Economically neither the power supply nor frequency regulation applications of the battery are currently sustainable alone, but rather the battery is able to layer these applications with other uses to capitalize on various sources of revenue. Also, these capabilities make vanadium redox batteries an effective "all-in-one" solution for microgrids that depend on reliable operations, frequency regulation and have a need for load shifting (from either high renewable penetration, a highly variable load or desire to optimize generator efficiency through time-shifting dispatch).

Second generation vanadium redox batteries also could double the energy density and increase the temperature range in which the battery can operate. A vanadium-bromine and other vanadium-based systems also might reduce the cost of the technology by replacing the vanadium at the positive or negative electrolyte by cheaper alternatives such as cerium, researchers say.

A bright future for VRFBs?

While vanadium has long been used as an alloy material in steel manufacturing, the real potential the metal holds is in its energy storage capabilities in VRFBs, market observers say.

"VRFBs are well placed to operate alongside and in place of lithium-ion batteries, which have generally lower energy capacity and shorter discharge timeframes, but which can discharge faster," SP Angel's John Meyer told investors recently.

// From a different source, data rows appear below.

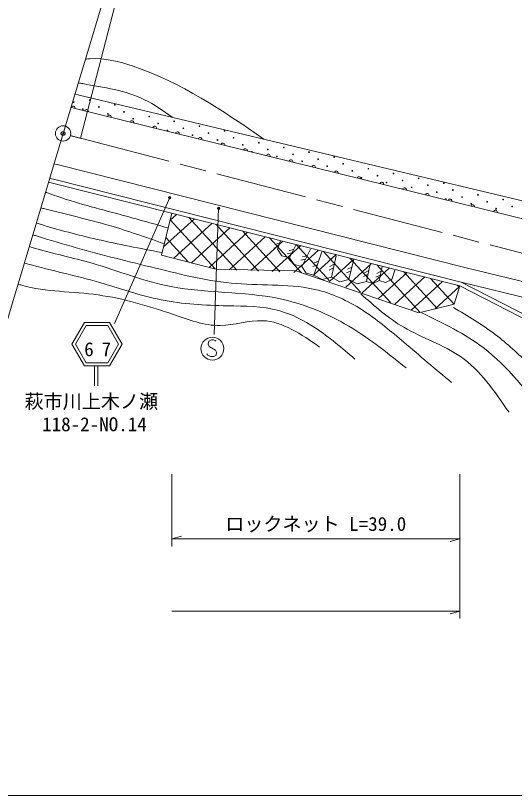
# Model space of a CAD drawing. Units: millimetres, scale not verified. Extents: x 40000 to 680000, y 20000 to 380000.
# Drawn here: x 271120 to 336515, y 205000 to 307151 of the extents above; entities that cross this region are included whole.
import ezdxf
from ezdxf.enums import TextEntityAlignment as Align

# ---------------------------------------------------------------- set-up
doc = ezdxf.new("R2010")
doc.units = ezdxf.units.MM
doc.header["$LTSCALE"] = 1000
doc.header["$PDMODE"] = 32
doc.header["$PDSIZE"] = 500
doc.linetypes.add('CHAIN', pattern=[18.5, 12, -1.5, 3.5, -1.5])
for name, color, linetype, lineweight in [('M-BGD', 7, 'Continuous', 13), ('M-BMK', 2, 'CHAIN', 13), ('M-BMK-SRVR', 3, 'Continuous', 13), ('M-STR-HTXT', 7, 'Continuous', 13), ('M-STR-STRC', 7, 'Continuous', 13), ('M-TTL-BAND', 7, 'Continuous', 13)]:
    doc.layers.add(name, color=color, linetype=linetype, lineweight=lineweight)
doc.layers.add('M-OTRS', color=6, linetype='Continuous')
doc.styles.add('ＭＳ ゴシック', font='')
doc.styles.get('ＭＳ ゴシック').set_extended_font_data('MS Gothic')

msp = doc.modelspace()

# ---------------------------------------------------------------- linework, layer by layer
at = {"layer": 'M-BGD'}
for p, q in [((278904, 296902), (279465, 296736)), ((346930, 280661), (279465, 296736)), ((278374, 295141), (278931, 294974)), ((278931, 294974), (351422, 277113)), ((276150, 287744), (276546, 287651)), ((276582, 287642), (330008, 274165)), ((275429, 285345), (275975, 285217)), ((275573, 285825), (276093, 285703)), ((275975, 285217), (329349, 271753)), ((276093, 285703), (329526, 272224)), ((291611, 281273), (290256, 275780)), ((292230, 281117), (291381, 280342)), ((294554, 280530), (290519, 276845)), ((291399, 280414), (297286, 273969)), ((296878, 279944), (291864, 275366)), ((293837, 280711), (300128, 273822)), ((299202, 279358), (294177, 274770)), ((297356, 279823), (302953, 273694)), ((300875, 278936), (305779, 273566)), ((290823, 278079), (293744, 274882)), ((301526, 278772), (296491, 274174)), ((303850, 278185), (299122, 273868)), ((304394, 278048), (308604, 273438)), ((306174, 277599), (301947, 273740)), ((308497, 277013), (304773, 273612)), ((305587, 276909), (304981, 276702)), ((305757, 277379), (305151, 277173)), ((305460, 276556), (305850, 277637)), ((307051, 275425), (307862, 277067)), ((307913, 277160), (312340, 272313)), ((305460, 276556), (306029, 275672)), ((307368, 276067), (306743, 275929)), ((307590, 276515), (306964, 276378)), ((310821, 276427), (307598, 273483)), ((308643, 274294), (309784, 276556)), ((313145, 275841), (310131, 273088)), ((310234, 273163), (311285, 276196)), ((311432, 276273), (316325, 270915)), ((290256, 275780), (297367, 273948)), ((306029, 275672), (307051, 275425)), ((307051, 275425), (307621, 274541)), ((309123, 275247), (308497, 275115)), ((309349, 275693), (308722, 275561)), ((310858, 274963), (310255, 274749)), ((315469, 275254), (312274, 272336)), ((312527, 272883), (313147, 275685)), ((314819, 272602), (315459, 275235)), ((314952, 275385), (320311, 269516)), ((297367, 273948), (307851, 273728)), ((307621, 274541), (308643, 274294)), ((308643, 274294), (309213, 273410)), ((310694, 274490), (310091, 274276)), ((312794, 274089), (312219, 273806)), ((312902, 274577), (312327, 274295)), ((317793, 274668), (314417, 271584)), ((315210, 274210), (314630, 273940)), ((320117, 274082), (316559, 270833)), ((317111, 272322), (317622, 274604)), ((318471, 274497), (324156, 268271)), ((318778, 272442), (319183, 274274)), ((320444, 272562), (320835, 273824)), ((330008, 274165), (347396, 269921)), ((307851, 273728), (323979, 268229)), ((309213, 273410), (310234, 273163)), ((310234, 273163), (311325, 272564)), ((311325, 272564), (312527, 272883)), ((312527, 272883), (313617, 272284)), ((315092, 273724), (314511, 273454)), ((317323, 273268), (316747, 272987)), ((317432, 273756), (316856, 273475)), ((318937, 273163), (318362, 272880)), ((319045, 273651), (318470, 273369)), ((322441, 273496), (318702, 270081)), ((324765, 272909), (320845, 269329)), ((321990, 273610), (326381, 268801)), ((313617, 272284), (314819, 272602)), ((314819, 272602), (315909, 272004)), ((315909, 272004), (317111, 272322)), ((317111, 272322), (317968, 272049)), ((317968, 272049), (318778, 272442)), ((318778, 272442), (319635, 272169)), ((319635, 272169), (320444, 272562)), ((327089, 272323), (322987, 268577)), ((325509, 272722), (328600, 269337)), ((328598, 269329), (329349, 271753)), ((329028, 271834), (329286, 271551)), ((329349, 271753), (338815, 266894)), ((329526, 272224), (346967, 267967)), ((329526, 272224), (339043, 267338)), ((329316, 271649), (326134, 268742)), ((323979, 268229), (328598, 269329))]:
    msp.add_line(p, q, dxfattribs=at)
for centre in [(278740, 295809), (280843, 296091), (282035, 295182), (284138, 295464), (279933, 294899), (283228, 294272), (285330, 294555), (286523, 293645), (288625, 293928), (291920, 293301), (289818, 293018), (291011, 292108), (293113, 292391), (295215, 292674), (294306, 291481), (296408, 291764), (298510, 292047), (299703, 291137), (297601, 290854), (300896, 290227), (302998, 290510), (302088, 289318), (304191, 289600), (306293, 289883), (309588, 289256), (305383, 288691), (307486, 288973), (308678, 288064), (310781, 288346), (312883, 288629), (311973, 287437), (314076, 287720), (317371, 287093), (315268, 286810), (318563, 286183), (320666, 286466), (316461, 285900), (319756, 285273), (321858, 285556), (323961, 285839), (327255, 285212), (323051, 284646), (325153, 284929), (326346, 284019), (328448, 284302), (327538, 283109), (329641, 283392), (331743, 283675), (335038, 283048), (330833, 282482), (332936, 282765), (336231, 282138), (334128, 281855)]:
    msp.add_circle(centre, 50, dxfattribs=at)
for centre, start, end in [((278653, 295057), 343.31694, 163.31694), ((280420, 294607), 346.15856, 166.15856), ((283398, 293873), 346.15856, 166.15856), ((286375, 293140), 346.15856, 166.15856), ((289353, 292406), 346.15856, 166.15856), ((292330, 291672), 346.15856, 166.15856), ((295307, 290939), 346.15856, 166.15856), ((298285, 290205), 346.15856, 166.15856), ((301262, 289472), 346.15856, 166.15856), ((304240, 288738), 346.15856, 166.15856), ((307217, 288004), 346.15856, 166.15856), ((310195, 287271), 346.15856, 166.15856), ((313172, 286537), 346.15856, 166.15856), ((316150, 285803), 346.15856, 166.15856), ((319127, 285070), 346.15856, 166.15856), ((322105, 284336), 346.15856, 166.15856), ((325082, 283603), 346.15856, 166.15856), ((328060, 282869), 346.15856, 166.15856), ((331037, 282135), 346.15856, 166.15856), ((334015, 281402), 346.15856, 166.15856)]:
    msp.add_arc(centre, 250, start, end, dxfattribs=at)
for points, knots in [([(280269, 301443), (280482, 301468), (280696, 301489), (280909, 301502), (282805, 301617), (284712, 301140), (286546, 300525), (292836, 298418), (298261, 294691), (303686, 290965)], [0, 0, 0, 0, 1, 1, 1, 2, 2, 2, 3, 3, 3, 3]), ([(279338, 298346), (279532, 298308), (279726, 298272), (279920, 298236), (282692, 297726), (285552, 297350), (288036, 296133), (289302, 295512), (290471, 294674), (291639, 293835)], [0, 0, 0, 0, 1, 1, 1, 2, 2, 2, 3, 3, 3, 3]), ([(275035, 284035), (275208, 283968), (275382, 283901), (275556, 283835), (278428, 282754), (281418, 282010), (284386, 281212), (286642, 280606), (288884, 279968), (291127, 279331)], [0, 0, 0, 0, 1, 1, 1, 2, 2, 2, 3, 3, 3, 3]), ([(274413, 281967), (274591, 281920), (274769, 281873), (274948, 281827), (277785, 281095), (280642, 280463), (283446, 279644), (285822, 278950), (288161, 278121), (290500, 277293)], [0, 0, 0, 0, 1, 1, 1, 2, 2, 2, 3, 3, 3, 3]), ([(273815, 279980), (273990, 279925), (274164, 279871), (274339, 279817), (276799, 279062), (279291, 278413), (281800, 277841), (284608, 277202), (287437, 276659), (290265, 276117)], [0, 0, 0, 0, 1, 1, 1, 2, 2, 2, 3, 3, 3, 3]), ([(273355, 278449), (273528, 278393), (273701, 278337), (273874, 278282), (275593, 277739), (277322, 277234), (279056, 276744), (282513, 275784), (285986, 274896), (289481, 274079), (292971, 273213), (296455, 272311), (300063, 272041), (303657, 271759), (307345, 272067), (310802, 271179), (312962, 270624), (315033, 269603), (316915, 268357), (318726, 267159), (320363, 265754), (322010, 264360), (324090, 262598), (326186, 260853), (328281, 259108)], [0, 0, 0, 0, 1, 1, 1, 2, 2, 2, 3, 3, 3, 4, 4, 4, 5, 5, 5, 6, 6, 6, 7, 7, 7, 8, 8, 8, 8]), ([(272886, 276889), (273059, 276837), (273231, 276785), (273405, 276734), (275973, 275992), (278593, 275432), (281173, 274706), (284634, 273702), (287998, 272315), (291519, 271649), (296143, 270768), (300989, 271041), (305628, 270081), (308644, 269458), (311572, 268313), (314250, 266789), (317135, 265149), (319729, 263069), (322324, 260989)], [0, 0, 0, 0, 1, 1, 1, 2, 2, 2, 3, 3, 3, 4, 4, 4, 5, 5, 5, 6, 6, 6, 6]), ([(272247, 274764), (272418, 274712), (272590, 274661), (272761, 274611), (275860, 273740), (279014, 273090), (282113, 272198), (284807, 271423), (287454, 270446), (290187, 269925), (293025, 269352), (295933, 269188), (298887, 269141), (301168, 269091), (303467, 269106), (305628, 268514), (307318, 268051), (308924, 267216), (310410, 266241), (312258, 265027), (313920, 263596), (315583, 262165)], [0, 0, 0, 0, 1, 1, 1, 2, 2, 2, 3, 3, 3, 4, 4, 4, 5, 5, 5, 6, 6, 6, 7, 7, 7, 7]), ([(271410, 271980), (271578, 271926), (271748, 271875), (271918, 271826), (275145, 270916), (278619, 271055), (281956, 270552), (285273, 270106), (288454, 269103), (291676, 268044), (293743, 267339), (295810, 266523), (297947, 266554), (299803, 266581), (301712, 267249), (303512, 267181), (306150, 267083), (308554, 265408), (310958, 263732)], [0, 0, 0, 0, 1, 1, 1, 2, 2, 2, 3, 3, 3, 4, 4, 4, 5, 5, 5, 6, 6, 6, 6]), ([(316367, 270709), (318158, 269114), (319950, 267520), (322010, 266319), (324425, 264912), (327209, 264045), (329457, 262478), (332050, 260670), (333928, 257929), (335806, 255189)], [0, 0, 0, 0, 1, 1, 1, 2, 2, 2, 3, 3, 3, 3]), ([(328516, 268906), (330396, 267797), (332276, 266689), (334003, 265378), (335577, 264184), (337024, 262822), (338471, 261459)], [0, 0, 0, 0, 1, 1, 1, 2, 2, 2, 2]), ([(324362, 268200), (327185, 266850), (330009, 265501), (332435, 263654), (335676, 261188), (338210, 257836), (340744, 254483)], [0, 0, 0, 0, 1, 1, 1, 2, 2, 2, 2])]:
    msp.add_open_spline(points, degree=3, knots=knots, dxfattribs=at)
at = {"layer": 'M-BMK'}
msp.add_line((279612, 291092), (339255, 275562), dxfattribs=at)
msp.add_arc((304809, 387865), 100000, 254.62354, 255.40553, dxfattribs=at)
at = {"layer": 'M-BMK-SRVR'}
for p, q in [((277343, 291711), (288679, 329409)), ((268877, 263557), (277343, 291711))]:
    msp.add_line(p, q, dxfattribs=at)
for radius in [1000, 40]:
    msp.add_circle((277343, 291711), radius, dxfattribs=at)
at = {"layer": 'M-OTRS'}
msp.add_point((277343, 291711), dxfattribs=at)
at = {"layer": 'M-STR-HTXT'}
for p, q in [((287171, 320124), (279612, 291092)), ((291611, 247100), (291611, 237596)), ((329349, 237596), (329349, 247100)), ((329349, 228154), (329349, 247100)), ((291611, 238596), (292861, 238946)), ((291611, 238596), (329349, 238596)), ((329349, 238596), (328099, 238246)), ((291611, 229154), (329349, 229154)), ((329349, 229154), (328099, 228804))]:
    msp.add_line(p, q, dxfattribs=at)
at = {"layer": 'M-STR-STRC'}
for p, q in [((284103, 266815), (291323, 283319)), ((297735, 281909), (297147, 265380)), ((278494, 264108), (280144, 266966)), ((280144, 266966), (283444, 266966)), ((283444, 266966), (285094, 264108)), ((280375, 266566), (278956, 264108)), ((283213, 266566), (280375, 266566)), ((284632, 264108), (283213, 266566)), ((296805, 264664), (296445, 264484)), ((297045, 264664), (296805, 264664)), ((297285, 264604), (297045, 264664)), ((297405, 264484), (297285, 264604)), ((280144, 261250), (278494, 264108)), ((278956, 264108), (280375, 261650)), ((283213, 261650), (284632, 264108)), ((285094, 264108), (283444, 261250)), ((296445, 264484), (296385, 264124)), ((296385, 264124), (296505, 263824)), ((296505, 263824), (297345, 263344)), ((296325, 262684), (296205, 262864)), ((296685, 262504), (296325, 262684)), ((297405, 262684), (297105, 262504)), ((297345, 263344), (297465, 263044)), ((297465, 263044), (297405, 262684)), ((280375, 261650), (283213, 261650)), ((297105, 262504), (296685, 262504)), ((280144, 261250), (283444, 261250)), ((281454, 258663), (281454, 261250)), ((281909, 261250), (281909, 258663))]:
    msp.add_line(p, q, dxfattribs=at)
for centre, radius in [((291323, 283319), 150), ((291323, 283319), 90), ((291323, 283319), 30), ((297735, 281909), 150), ((297735, 281909), 90), ((297735, 281909), 30), ((296925, 263524), 1500)]:
    msp.add_circle(centre, radius, dxfattribs=at)
at = {"layer": 'M-TTL-BAND'}
msp.add_line((40000, 205000), (579000, 205000), dxfattribs=at)

# ---------------------------------------------------------------- texts
at = {"layer": 'M-STR-HTXT', "style": 'ＭＳ ゴシック'}
msp.add_text('ロックネット L=39.0', height=1833, dxfattribs=at).set_placement((298605, 239096), align=Align.BOTTOM_LEFT)
at = {"layer": 'M-STR-STRC', "style": 'ＭＳ ゴシック'}
for s, p in [('萩市川上木ノ瀬', (272303, 255148)), ('118-2-NO.14', (274600, 252152))]:
    msp.add_text(s, height=1833, dxfattribs=at).set_placement(p, align=Align.BOTTOM_LEFT)
at = {"layer": 'M-STR-STRC', "insert": (280117, 262502), "char_height": 1833, "attachment_point": 7, "style": 'ＭＳ ゴシック'}
msp.add_mtext('\\T1.83;67', dxfattribs=at)

doc.saveas('drawing.dxf')

SP Angel forecasts that VRFB demand in Southern Africa, alone, could consume more than 5% of global vanadium production over the next few years, creating significant new demand in a market where supply is relatively consistent.

"If this trend is repeated in the U. S., China and Europe, then we can see new demand for vanadium easily outstripping supply in future years, with grid developers queuing to secure available vanadium electrolyte supply," added Meyer, who heads research for the London-based investment banker.

Vanadium is currently at the forefront of technology innovation, yet it is in short supply, observed Adriaan Bakker, president and CEO of VanadiumCorp Resource Inc., a Canada-based company focused on developing an integrated supply chain with its own vanadium mining projects in Quebec, proprietary vanadium extraction technique and VRFB technology.

"To address this (shortage), we recently co-developed a new chemical method that directly recovers vanadium sustainably from virtually any source. With a substantial resource base in Canada and technology to unlock global supply, I believe VanadiumCorp may hold the key to our low carbon future," Bakker said in a statement.

In 2020, VanadiumCorp is targeting commercial production of vanadium batteries, as well as a resource statement indicating that its resource base in Quebec is uniquely suited to meet the needs of the high-purity vanadium market.

VoltStorage Gmbh, a Munich, Germany-based startup, meanwhile, is working to take VRFB technology one step further to bring it to private households as a cost-effective solar energy storage solution. This was made possible by VoltStorage's production process, for which it has a patent is pending.